Look below for the line containing "import ezdxf"; from there, print each line exactly up to and including the line containing "layer by layer", and stop.

※

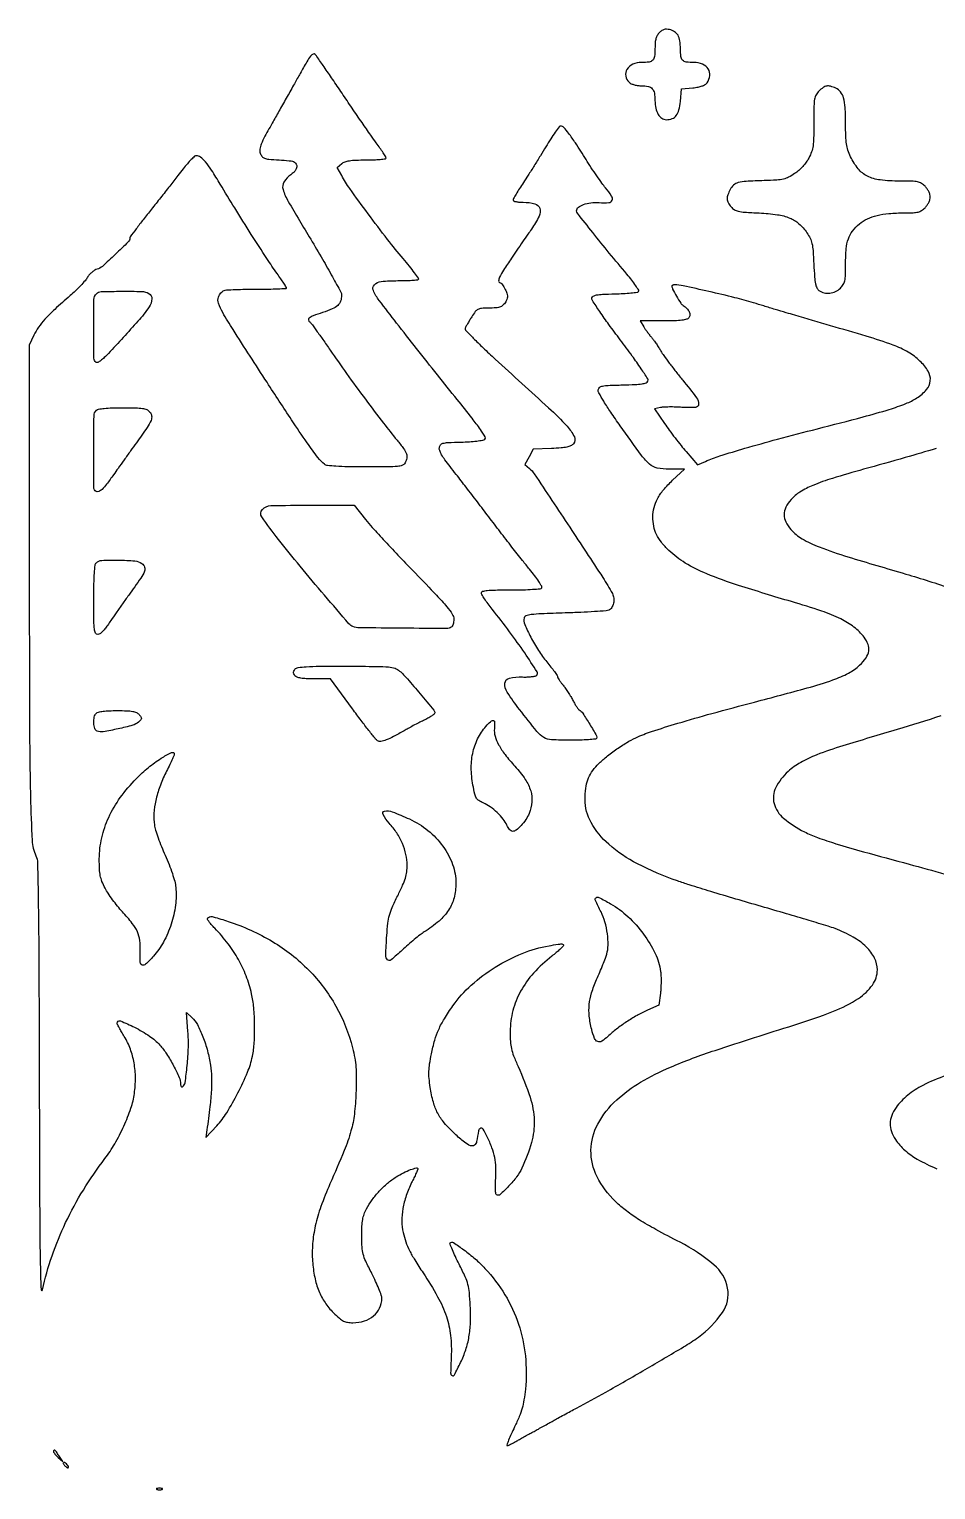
# Model space of a CAD drawing. Extents: x 136 to 895, y 129 to 819.
# Drawn here: x 136 to 564, y 129 to 819 of the extents above; entities that cross this region are included whole.
import ezdxf

# ---------------------------------------------------------------- set-up
doc = ezdxf.new("R2010")
doc.units = 0

msp = doc.modelspace()

# ---------------------------------------------------------------- linework, layer by layer
for points in [[(433.086658, 817.086658, 0.062893), (432.079109, 815.787848, 0.065618), (431.443459, 814.297329, 0.0493), (431.103169, 812.356174, 0.018757), (431, 809.606989, -0.028568), (430.785795, 805.861011, -0.164473), (429.951262, 804.089589, -0.171225), (428.233265, 803.226954, -0.031555), (424.640719, 803, 0.103258), (420.519845, 802.139802, 0.151859), (417.741764, 799.737485, 0.189585), (417.165412, 796.599918, 0.161938), (418.828741, 793.654988, 0.07717), (419.827322, 792.998563, 0.037402), (421.26504, 792.469309, 0.03489), (422.928415, 792.117895, 0.034627), (424.628741, 792, -0.050087), (427.866093, 791.674889, -0.15897), (429.735829, 790.615541, -0.146004), (430.713696, 788.591489, -0.040046), (431, 785.022506, 0.050929), (431.371514, 781.384588, 0.083434), (432.488954, 778.503758, 0.109149), (434.216306, 776.664162, 0.150987), (436.365574, 776, 0.092757), (439.110545, 776.513651, 0.137928), (441.053855, 777.972944, 0.103473), (442.305768, 780.588865, 0.037888), (442.980372, 784.655037), (443.5, 790.5), (448.858381, 791.037977, 0.020497), (451.342983, 791.39078, 0.041267), (453.252151, 791.907928, 0.053766), (454.662878, 792.597134, 0.09467), (455.608381, 793.479107, 0.132806), (456.888645, 796.806491, 0.172704), (456.12179, 799.95655, 0.151208), (453.399268, 802.202734, 0.097729), (449.359281, 803, -0.03126), (445.786686, 803.223574, -0.167755), (444.062711, 804.072166, -0.166208), (443.220612, 805.8085, -0.03055), (443, 809.415859, 0.034452), (442.734506, 813.26435, 0.09468), (441.865108, 815.8314, 0.123371), (440.277643, 817.498787, 0.082216), (437.836658, 818.531925, 0.051373), (436.469721, 818.715734, 0.081776), (435.30284, 818.560593, 0.078615), (434.215621, 818.032353, 0.044082)], [(263.456737, 797.851193, -0.000681), (260.746604, 793.004378, -0.000346), (257.324854, 786.91431, -0.000344), (253.785768, 780.635701, -0.000514), (250.684023, 775.154968, 0.004411), (246.797744, 768.161363, 0.028415), (245.070798, 764.507943, 0.06044), (244.420982, 762.104128, 0.120575), (244.61007, 760.154968, 0.079862), (245.43191, 758.636499, 0.144747), (246.565635, 757.81365, 0.063108), (248.594857, 757.372047, 0.006415), (253.519691, 757, -0.006315), (258.217629, 756.646034, -0.055277), (260.262541, 756.235184, -0.146187), (261.29302, 755.531658, -0.135782), (261.805453, 754.35758, -0.097715), (261.747751, 753.273812, -0.079985), (261.286933, 752.206658, -0.063148), (260.396865, 751.135645, -0.033137), (259.053419, 750.038038, 0.099267), (255.803497, 746.578272, 0.216871), (255.345217, 743.048744, 0.05808), (257.832546, 737.388511, 0.002771), (268.41662, 719.554435, -0.003752), (274.005359, 710.095218, -0.005667), (278.716132, 701.767702, -0.002428), (282.614535, 694.608232, -0.124072), (283, 693.078749, -0.086167), (282.528621, 690.363789, -0.123145), (281.176594, 688.339576, -0.08235), (278.578629, 686.665052, -0.022856), (274.030344, 684.940062, 0.009352), (269.650051, 683.412732, 0.068151), (267.691574, 682.36736, 0.286539), (267.320718, 681.455538, 0.21455), (267.942953, 680.535257, -0.095877), (268.537533, 679.987157, -0.001629), (271.172638, 676.385338, -0.004101), (274.200521, 672.145539, -0.002709), (277.613477, 667.22624, 0.005379), (285.392622, 656.140572, 0.003957), (294.240913, 644.019163, 0.003976), (302.723765, 632.777335, 0.009792), (309.176817, 624.698084, -0.013897), (312.311232, 620.707028, -0.075034), (313.600933, 618.278399, -0.129726), (313.765331, 616.237366, -0.078601), (312.964816, 613.934259, -0.180562), (311.726622, 612.843614, -0.066029), (309.41873, 612.295965, -0.023553), (305.047267, 612.059583, -0.00218), (294.214816, 612.031803, -0.003999), (285.998488, 612.112264, -0.011775), (280.351717, 612.345822, -0.011826), (276.383435, 612.698083, -0.141573), (274.97726, 613.281803, -0.060771), (271.825096, 616.502399, -0.010306), (266.731867, 623.449066, -0.007458), (259.408594, 634.219711, -0.001872), (247.798413, 652, -0.000747), (231.746737, 676.865747, -0.013601), (226.858114, 684.937985, -0.045039), (224.863016, 689.319195, -0.176968), (224.901018, 692.239658, -0.044121), (225.385379, 693.238516, -0.038822), (226.056123, 694.183444, -0.040814), (226.801479, 694.942207, -0.086797), (227.505183, 695.363615, -0.077887), (228.68605, 695.616477, -0.003663), (232.764897, 695.813062, -0.005963), (237.629176, 695.953708, -0.004245), (243.081787, 696, 0.003844), (248.418654, 696.041026, 0.006404), (252.911525, 696.167674, 0.001643), (256.778977, 696.339013, 0.400351), (257, 696.570806, 0.142801), (256.886701, 696.959418, 0.002589), (255.707366, 698.789076, 0.006202), (254.285982, 700.911367, 0.004074), (252.599543, 703.320806, -0.010121), (247.736173, 710.451177, -0.002789), (240.378568, 721.860416, -0.002917), (232.549218, 734.310864, -0.004119), (225.730859, 745.5, 0.008482), (221.61539, 752.122864, 0.031461), (218.697072, 756.076413, 0.051996), (216.38277, 758.312094, 0.167599), (214.388173, 759, 0.184462), (213.614914, 758.704677, 0.014956), (212.011296, 757.181867, 0.018559), (210.169356, 755.1816, 0.01316), (208.248957, 752.81061, -0.00241), (205.748386, 749.583896, -0.00071), (201.884069, 744.661167, -0.000713), (197.52256, 739.137511, -0.000767), (193.25, 733.759309, 0.002684), (189.320943, 728.774384, 0.00424), (186.010938, 724.45311, 0.001151), (183.174551, 720.666267, 0.161525), (183, 720.14004, -0.199197), (182.244309, 718.318463, -0.005824), (176.156021, 712.383414, -0.007883), (170.053171, 706.752044, -0.121485), (167.546032, 705.422197, 0.078616), (166.44053, 704.951128, 0.037057), (165.186743, 704.029652, 0.035546), (163.989221, 702.847494, 0.041829), (163.04129, 701.566809, -0.04026), (161.866594, 699.969316, -0.011576), (159.801189, 697.696749, -0.011568), (157.344439, 695.232946, -0.012068), (154.810084, 692.920892, 0.006802), (147.568582, 686.452985, 0.021338), (142.956404, 681.841686, 0.031399), (139.875573, 678.032271, 0.046236), (137.720575, 674.310599), (135.5, 669.5), (135.533074, 561, 0.000714), (135.655049, 490.647576, 0.005031), (136.107882, 456.409142, 0.006687), (136.868453, 435.672855, 0.094967), (138.619231, 428.499984, -0.101846), (139.418782, 425.01903, -0.001897), (139.77686, 406.165589, -0.002734), (140.058341, 377.232404, -0.000453), (140.245316, 321.499984, 0.000372), (140.428547, 264.120516, 0.002965), (140.690023, 237.621518, 0.005571), (141.068823, 223.563299, 0.882024), (141.7935, 223.5, -0.029989), (146.266898, 239.520558, -0.027935), (152.712676, 255.286349, -0.027166), (161.076022, 270.658035, -0.024914), (171.282754, 285.5, 0.033554), (175.890759, 292.45485, 0.02328), (180.175487, 300.858285, 0.023565), (183.517313, 309.277751, 0.047811), (185.176057, 316.200467, 0.036773), (185.665484, 323.59241, 0.041869), (185.020326, 330.655693, 0.043786), (183.256441, 337.225643, 0.048561), (180.417247, 343.150727, -0.004377), (179.107774, 345.359501, -0.00651), (178.003816, 347.31759, -0.00315), (177.101472, 348.992927, -0.122546), (177, 349.400727, -0.52537), (178.56138, 350.476556, -0.026942), (185.210011, 347.523211, -0.029984), (192.3479, 343.323312, -0.063223), (197.179562, 339.102082, -0.038085), (200.388584, 334.883563, -0.021054), (203.674986, 329.301186, -0.018444), (206.333282, 323.841247, -0.104319), (206.999211, 320.690983, 0.04815), (207.062706, 320.036154, 0.104775), (207.259154, 319.573674, 0.181802), (207.549042, 319.375072, 0.201293), (207.883017, 319.4277, 0.223185), (209.131919, 321.342069, 0.00991), (210.097014, 329.409951, 0.017345), (210.653828, 338.024244, 0.026817), (210.476692, 345.478287), (209.777197, 354.5), (212.330005, 352.130732, -0.085307), (214.899174, 348.768417, -0.027713), (217.497624, 343.055305, -0.026966), (219.706706, 336.333552, -0.028998), (221.116731, 329.573323, -0.029721), (221.604338, 324.060746, -0.021242), (221.519612, 317.86723, -0.015488), (220.832075, 309.996156, -0.00579), (219.398042, 299), (218.900319, 295.5), (224.078356, 301, 0.050905), (228.762589, 307.116837, 0.019411), (234.03714, 316.480608, 0.019483), (238.586196, 326.264675, 0.048469), (240.911855, 333.799221, 0.036086), (241.762275, 340.284574, 0.018064), (241.945307, 348.557221, 0.018066), (241.529872, 356.837158, 0.035421), (240.498002, 363.352384, 0.03428), (237.929939, 371.76075, 0.036655), (234.282005, 379.545166, 0.035376), (229.408895, 386.947064, 0.028085), (223.174358, 394.213625, -0.025591), (219.869335, 398.027113, -0.470318), (220.171078, 399.400156, -0.19002), (222.420607, 399.625108, -0.009909), (229.499822, 397.468476, -0.055822), (250.33624, 387.986628, -0.063968), (267.522846, 374.47243, -0.066106), (280.300267, 357.477308, -0.066338), (288.180949, 337.756299, -0.017334), (289.212812, 332.985845, -0.025558), (289.756535, 328.736111, -0.020337), (289.931806, 323.797937, -0.006848), (289.795686, 316.591712, -0.021005), (289.041703, 306.501722, -0.040325), (287.452986, 298.549932, -0.028341), (284.245095, 289.319319, -0.005902), (277.517159, 273.535886, 0.017601), (273.260834, 262.865445, 0.030692), (270.602275, 253.722864, 0.03545), (269.328261, 245.335767, 0.037355), (269.284887, 237, 0.032881), (270.304375, 229.505977, 0.04619), (272.254417, 223.048206, 0.050415), (275.18427, 217.506297, 0.052636), (279.127779, 212.75, 0.013873), (281.997769, 210.099641, 0.060564), (283.906187, 208.802661, 0.081344), (285.783021, 208.193999, 0.037836), (288.343045, 208, 0.076276), (293.753236, 208.830163, 0.09884), (298.144645, 211.238069, 0.108755), (300.988855, 214.936715, 0.110163), (302, 219.470322, 0.084345), (301.744888, 220.971877, 0.011208), (300.609887, 223.99645, 0.012719), (299.079698, 227.547657, 0.010369), (297.267702, 231.269982, -0.008367), (294.408633, 237.084031, -0.044821), (293.196297, 240.397926, -0.051744), (292.676434, 243.66639, -0.013417), (292.529701, 249, -0.010943), (292.626992, 253.58561, -0.03324), (292.9678, 256.684019, -0.043914), (293.648187, 259.203272, -0.034189), (294.80531, 261.79506, -0.0351), (297.467118, 266.055602, -0.030041), (300.830458, 270.141862, -0.029875), (304.681769, 273.819544, -0.033587), (308.802783, 276.858831, -0.024597), (312.235642, 278.820369, -0.03002), (315.627952, 280.294441, -0.030526), (318.343647, 281.101476, -0.482632), (319, 280.579891, -0.103984), (318.908249, 280.143484, -0.003094), (318.141293, 278.428974, -0.006044), (317.196846, 276.417149, -0.004121), (316.076742, 274.152026, 0.035827), (313.536392, 268.073432, 0.038896), (311.972619, 261.858016, 0.041542), (311.461322, 255.905784, 0.058484), (312.067764, 250.617681, 0.025868), (313.364467, 246.154364, 0.031162), (315.05209, 242.12654, 0.024352), (317.555004, 237.628394, 0.008935), (321.507549, 231.520269, -0.021586), (328.376568, 220.292334, -0.045859), (332.472979, 210.974965, -0.052919), (334.457561, 201.96585, -0.039821), (334.777137, 191.818855, 0.005384), (334.496047, 184.29621, 0.27389), (335.184157, 183.060494, 0.427365), (336.255055, 183.368092, 0.007752), (339.216535, 189.229412, 0.033181), (341.662697, 195.248648, 0.037667), (343.169305, 201.290787, 0.034068), (343.847138, 207.981968, 0.020244), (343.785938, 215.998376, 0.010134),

※

ANSWER FOR THE TASK >>
import ezdxf

# ---------------------------------------------------------------- set-up
doc = ezdxf.new("R2010")
doc.units = 0

msp = doc.modelspace()

# ---------------------------------------------------------------- linework, layer by layer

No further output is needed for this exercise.